Non è un caso: chi dice cose diverse dalla narrazione ufficiale non potrebbe proprio lavorare in TV; chi può ancora farlo è perché ha fatto questo compromesso anni fa.
Ma non è solo paura, soprattutto nei casi di chi non va in TV e non lavora in certi circoli.
Molti non riescono ad ammettere di aver sbagliato analisi, di aver parlato troppo presto, o di non essersi informati abbastanza. Per loro, riconoscere l’errore significherebbe mettere in crisi l’immagine che hanno di sé: quella di persone morali, sempre dalla parte giusta.
È un misto di dissonanza cognitiva (il rifiuto di vedere l’incoerenza tra le proprie idee e la realtà) e narcisismo.
Ammettere di aver sbagliato richiede maturità e coraggio, così come focalizzarsi sulle priorità reali e non quelle del mainstream, e così come difendere i più deboli andando contro un intero sistema oppressivo.
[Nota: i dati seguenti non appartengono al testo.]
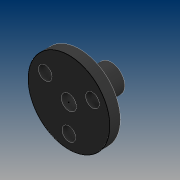
# Autodesk Inventor part: nakretka_na_igle
Saved by Autodesk Inventor 2021 (Build 250183000, 183)
## iProperties
Created: 2022-05-15
Part Number: nakretka_na_igle
Material: Generic
Document SubType Name: Modeling
Designer: agnpi
Density: 1 g/cm^3
Appearance: Rubber - Black
Author: agnpi
Autodesk Inventor part; units mm, degrees
ref_plane "YZ Plane" through (0, 0, 0) normal (1, 0, 0) x (0, 1, 0)
ref_plane "XZ Plane" through (0, 0, 0) normal (0, 1, 0) x (-1, 0, 0)
ref_plane "XY Plane" through (0, 0, 0) normal (0, 0, 1) x (1, 0, 0)
sketch "Sketch1" plane through (0, 0, 0) normal (0, 0, 1) x (1, 0, 0)
  line L0 (-13.3, 0) -> (13.3, 0) projected
  line L1 (0, -13.3) -> (0, 13.3) projected
  circle A0 centre (0, 0) radius 9.5
  circle A1 centre (0, 0) radius 1.3
  circle A2 centre (0, 0) radius 3.17
  dimension "d0" = 19
  dimension "d1" = 2.6
  dimension "d2" = 6.34
  constraints: 3 centre point, 3 coincident
  measures "d0" diameter of A0
  measures "d1" diameter of A1
  measures "d2" diameter of A2
extrude "Extrusion4" add sketch "Sketch1" along normal mid plane 2.5 contours A1 L1 A2 L0 | L0 A2 L1 A1 | A2 L1 A0 L0 | L0 A0 L1 A2 | A1 L0 A2 L1 | L1 A2 L0 A1 | A2 L0 A0 L1 | L1 A0 L0 A2
sketch "Sketch3" plane through (0, 0, -1.25) normal (0, 0, -1) x (-1, 0, 0)
  circle A0 centre (0, 0) radius 3.175
  circle A1 centre (0, 0) radius 1.3021
  dimension "d21" = 6.35
  constraints: 2 centre point, 2 coincident
  measures "d21" diameter of A0
extrude "Extrusion5" add sketch "Sketch3" along normal blind 7.36
sketch "Sketch4" plane through (0, 0, 1.25) normal (0, 0, 1) x (1, 0, 0)
  circle A0 centre (0, 0) radius 9.5 projected
  line L0 (-5.6994, 7.6005) -> (5.6994, 7.6005)
  arc A1 (5.6994, 7.6005) -> (-5.6994, 7.6005) centre (0, 0) ccw
  dimension "d27" = 11.3988
  constraints: 4 point on circle, 2 end point, 1 centre point, 1 concentric, 1 horizontal
  measures "d27" distance of L0.start L0.end
sketch "Sketch5" plane through (0, 0, 1.25) normal (0, 0, 1) x (1, 0, 0)
  point P0 (0, 0)
  point P1 (0, 0)
  constraints: 1 coincident
hole "Hole1" at (0, 0, 1.25) direction (0, 0, -1) diameter 3.5 end through all
sketch "Sketch6" plane through (0, 0, 1.25) normal (0, 0, 1) x (1, 0, 0)
  circle A0 centre (0, 0) radius 6.35 construction
  circle A1 centre (0, -6.35) radius 1.585
  line L0 (0, -13.3) -> (0, 13.3) construction
  line L1 (-13.3, 0) -> (13.3, 0) construction
  circle A2 centre (5.4993, 3.175) radius 1.585
  circle A3 centre (-5.4993, 3.175) radius 1.585
  dimension "d40" = 12.7
  dimension "d41" = 3.17
  dimension "d44" = 360
  constraints: 3 centre point, 1 coincident, 1 point on line, 1 vertical alignment, 9 other
  measures "d41" diameter of A1
extrude "Extrusion7" cut sketch "Sketch6" against normal through all
sketch "Sketch7" plane through (0, 0, 1.25) normal (0, 0, 1) x (1, 0, 0)
  circle A0 centre (0, 0) radius 9.5 projected
body "Solid4"

Ma molti preferiscono continuare a diffondere versioni comode, anche se false, piuttosto che guardarsi allo specchio.
Non si tratta solo di disinformazione, è una forma di fragilità psicologica, un bisogno patologico di avere sempre ragione, anche a costo di negare l’evidenza e di autorizzare indirettamente un genocidio.